-------- Records for the task

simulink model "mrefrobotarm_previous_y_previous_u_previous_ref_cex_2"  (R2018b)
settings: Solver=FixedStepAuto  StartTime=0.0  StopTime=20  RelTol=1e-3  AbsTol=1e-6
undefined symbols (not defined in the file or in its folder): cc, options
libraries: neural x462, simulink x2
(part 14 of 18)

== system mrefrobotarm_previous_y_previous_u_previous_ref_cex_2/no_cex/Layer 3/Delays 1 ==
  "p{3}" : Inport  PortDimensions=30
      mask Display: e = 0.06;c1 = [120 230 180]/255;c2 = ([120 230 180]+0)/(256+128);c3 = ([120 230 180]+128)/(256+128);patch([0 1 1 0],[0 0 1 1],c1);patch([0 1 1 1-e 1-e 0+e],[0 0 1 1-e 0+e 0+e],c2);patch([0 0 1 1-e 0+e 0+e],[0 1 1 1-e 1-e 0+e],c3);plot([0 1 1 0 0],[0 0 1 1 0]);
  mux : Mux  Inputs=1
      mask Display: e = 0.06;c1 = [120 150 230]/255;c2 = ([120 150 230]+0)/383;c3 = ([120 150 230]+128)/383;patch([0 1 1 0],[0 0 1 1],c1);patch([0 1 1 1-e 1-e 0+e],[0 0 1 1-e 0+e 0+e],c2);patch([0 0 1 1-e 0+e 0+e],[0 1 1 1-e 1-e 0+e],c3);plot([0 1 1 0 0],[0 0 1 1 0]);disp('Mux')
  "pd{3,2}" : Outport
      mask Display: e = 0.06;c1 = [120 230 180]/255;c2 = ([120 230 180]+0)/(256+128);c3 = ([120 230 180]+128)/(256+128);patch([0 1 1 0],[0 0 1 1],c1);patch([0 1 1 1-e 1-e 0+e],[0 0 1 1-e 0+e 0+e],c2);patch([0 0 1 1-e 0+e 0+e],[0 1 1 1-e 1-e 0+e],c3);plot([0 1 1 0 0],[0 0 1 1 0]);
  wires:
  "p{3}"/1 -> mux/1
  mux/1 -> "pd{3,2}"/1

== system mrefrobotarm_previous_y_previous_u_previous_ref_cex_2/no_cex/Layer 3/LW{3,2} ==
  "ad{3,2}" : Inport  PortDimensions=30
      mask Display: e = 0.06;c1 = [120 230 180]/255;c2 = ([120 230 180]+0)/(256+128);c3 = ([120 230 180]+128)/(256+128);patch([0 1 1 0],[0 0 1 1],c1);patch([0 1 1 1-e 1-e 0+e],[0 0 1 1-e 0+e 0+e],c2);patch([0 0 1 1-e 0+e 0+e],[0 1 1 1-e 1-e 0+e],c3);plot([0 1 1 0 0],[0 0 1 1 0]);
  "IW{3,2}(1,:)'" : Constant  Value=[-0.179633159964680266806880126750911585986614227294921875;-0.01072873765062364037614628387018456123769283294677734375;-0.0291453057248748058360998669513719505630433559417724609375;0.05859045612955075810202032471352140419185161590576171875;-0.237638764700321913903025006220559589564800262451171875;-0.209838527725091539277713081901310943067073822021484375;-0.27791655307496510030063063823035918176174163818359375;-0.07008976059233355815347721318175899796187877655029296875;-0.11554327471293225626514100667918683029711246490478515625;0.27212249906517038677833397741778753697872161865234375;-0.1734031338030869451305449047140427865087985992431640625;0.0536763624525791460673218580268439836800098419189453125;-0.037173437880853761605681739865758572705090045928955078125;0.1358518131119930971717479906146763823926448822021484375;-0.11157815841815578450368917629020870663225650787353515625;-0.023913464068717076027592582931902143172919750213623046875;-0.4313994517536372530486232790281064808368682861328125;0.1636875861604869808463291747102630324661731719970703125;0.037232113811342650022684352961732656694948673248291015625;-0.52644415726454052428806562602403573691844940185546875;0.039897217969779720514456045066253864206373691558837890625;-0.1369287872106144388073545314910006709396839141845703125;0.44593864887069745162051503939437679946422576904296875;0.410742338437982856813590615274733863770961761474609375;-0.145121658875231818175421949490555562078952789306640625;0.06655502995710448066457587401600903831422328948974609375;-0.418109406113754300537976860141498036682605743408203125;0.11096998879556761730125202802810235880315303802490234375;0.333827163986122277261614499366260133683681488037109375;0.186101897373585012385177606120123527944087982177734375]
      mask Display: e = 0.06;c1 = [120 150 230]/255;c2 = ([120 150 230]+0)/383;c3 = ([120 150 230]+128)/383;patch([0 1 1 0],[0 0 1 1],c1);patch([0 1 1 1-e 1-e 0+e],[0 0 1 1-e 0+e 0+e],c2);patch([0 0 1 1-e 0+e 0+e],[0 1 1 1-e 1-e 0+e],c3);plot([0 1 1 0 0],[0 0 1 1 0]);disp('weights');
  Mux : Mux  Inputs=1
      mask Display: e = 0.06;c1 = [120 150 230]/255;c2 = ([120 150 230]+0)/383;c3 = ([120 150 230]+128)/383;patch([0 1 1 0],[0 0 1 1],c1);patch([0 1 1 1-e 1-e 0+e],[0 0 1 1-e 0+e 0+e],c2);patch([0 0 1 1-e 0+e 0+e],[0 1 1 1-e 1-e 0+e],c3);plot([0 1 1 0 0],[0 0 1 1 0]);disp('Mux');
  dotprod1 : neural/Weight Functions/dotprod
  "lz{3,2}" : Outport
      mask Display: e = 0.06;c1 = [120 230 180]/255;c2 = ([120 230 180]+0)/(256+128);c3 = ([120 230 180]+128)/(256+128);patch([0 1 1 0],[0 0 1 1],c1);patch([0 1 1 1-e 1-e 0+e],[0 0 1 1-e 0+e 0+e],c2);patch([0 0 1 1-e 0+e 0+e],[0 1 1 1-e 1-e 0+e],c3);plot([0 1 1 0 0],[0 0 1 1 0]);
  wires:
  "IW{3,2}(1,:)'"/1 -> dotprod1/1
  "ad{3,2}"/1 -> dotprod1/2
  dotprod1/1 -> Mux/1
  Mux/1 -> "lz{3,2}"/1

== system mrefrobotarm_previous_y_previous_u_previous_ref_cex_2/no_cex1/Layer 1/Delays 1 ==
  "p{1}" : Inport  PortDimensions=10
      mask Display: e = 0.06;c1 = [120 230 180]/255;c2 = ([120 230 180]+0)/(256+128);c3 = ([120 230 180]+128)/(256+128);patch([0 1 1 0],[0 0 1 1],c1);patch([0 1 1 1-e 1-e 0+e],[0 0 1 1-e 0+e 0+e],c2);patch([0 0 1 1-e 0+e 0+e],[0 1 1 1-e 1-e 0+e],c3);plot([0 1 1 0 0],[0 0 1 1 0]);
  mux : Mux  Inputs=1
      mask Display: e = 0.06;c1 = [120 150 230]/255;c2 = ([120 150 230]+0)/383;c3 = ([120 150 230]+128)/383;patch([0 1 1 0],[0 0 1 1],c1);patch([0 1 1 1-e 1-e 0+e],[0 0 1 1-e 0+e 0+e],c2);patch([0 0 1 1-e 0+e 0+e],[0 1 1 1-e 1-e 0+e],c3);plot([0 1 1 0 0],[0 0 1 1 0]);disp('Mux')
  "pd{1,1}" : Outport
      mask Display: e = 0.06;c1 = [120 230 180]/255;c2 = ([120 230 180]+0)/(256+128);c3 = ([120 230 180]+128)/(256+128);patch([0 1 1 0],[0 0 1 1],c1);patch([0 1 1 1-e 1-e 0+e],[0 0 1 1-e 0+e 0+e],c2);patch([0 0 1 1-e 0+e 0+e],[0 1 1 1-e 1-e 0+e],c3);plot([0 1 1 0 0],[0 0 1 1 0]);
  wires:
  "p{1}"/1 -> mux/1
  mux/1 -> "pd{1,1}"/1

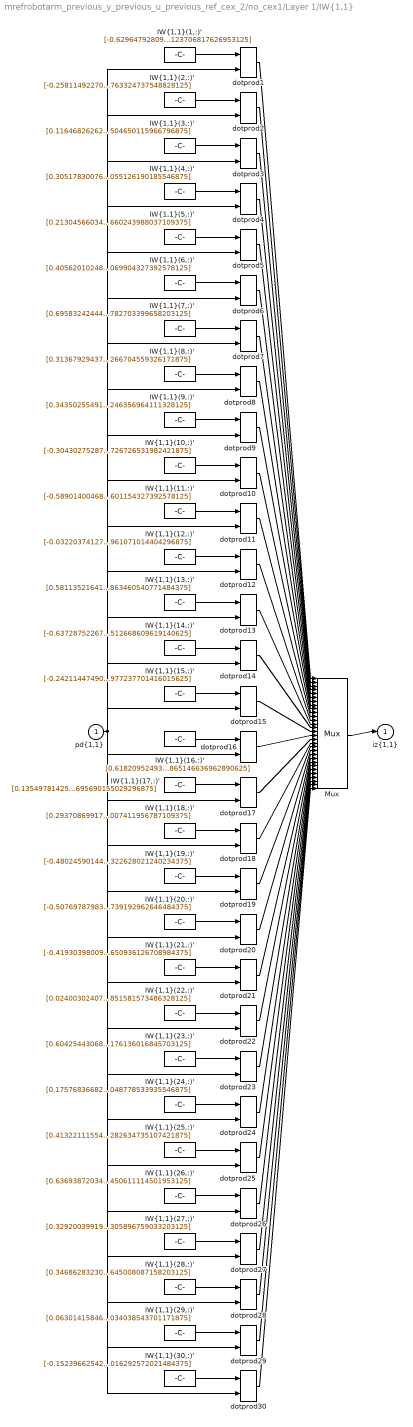
== system mrefrobotarm_previous_y_previous_u_previous_ref_cex_2/no_cex1/Layer 1/IW{1,1} ==
  "pd{1,1}" : Inport  PortDimensions=10
      mask Display: e = 0.06;c1 = [120 230 180]/255;c2 = ([120 230 180]+0)/(256+128);c3 = ([120 230 180]+128)/(256+128);patch([0 1 1 0],[0 0 1 1],c1);patch([0 1 1 1-e 1-e 0+e],[0 0 1 1-e 0+e 0+e],c2);patch([0 0 1 1-e 0+e 0+e],[0 1 1 1-e 1-e 0+e],c3);plot([0 1 1 0 0],[0 0 1 1 0]);
  "IW{1,1}(1,:)'" : Constant  Value=[-0.6296479280930478150679618920548819005489349365234375;0.01798174319361729722732690106568043120205402374267578125;0.749989571787455844287251238711178302764892578125;-0.126212854667532681229857871585409156978130340576171875;0.09955965014467361984262794294409104622900485992431640625;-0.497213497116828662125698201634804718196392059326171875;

----------------

## Your assignment
Find each line in the data above with the word "neural", then copy it.

## Solution to this exercise
libraries: neural x462, simulink x2
  dotprod1 : neural/Weight Functions/dotprod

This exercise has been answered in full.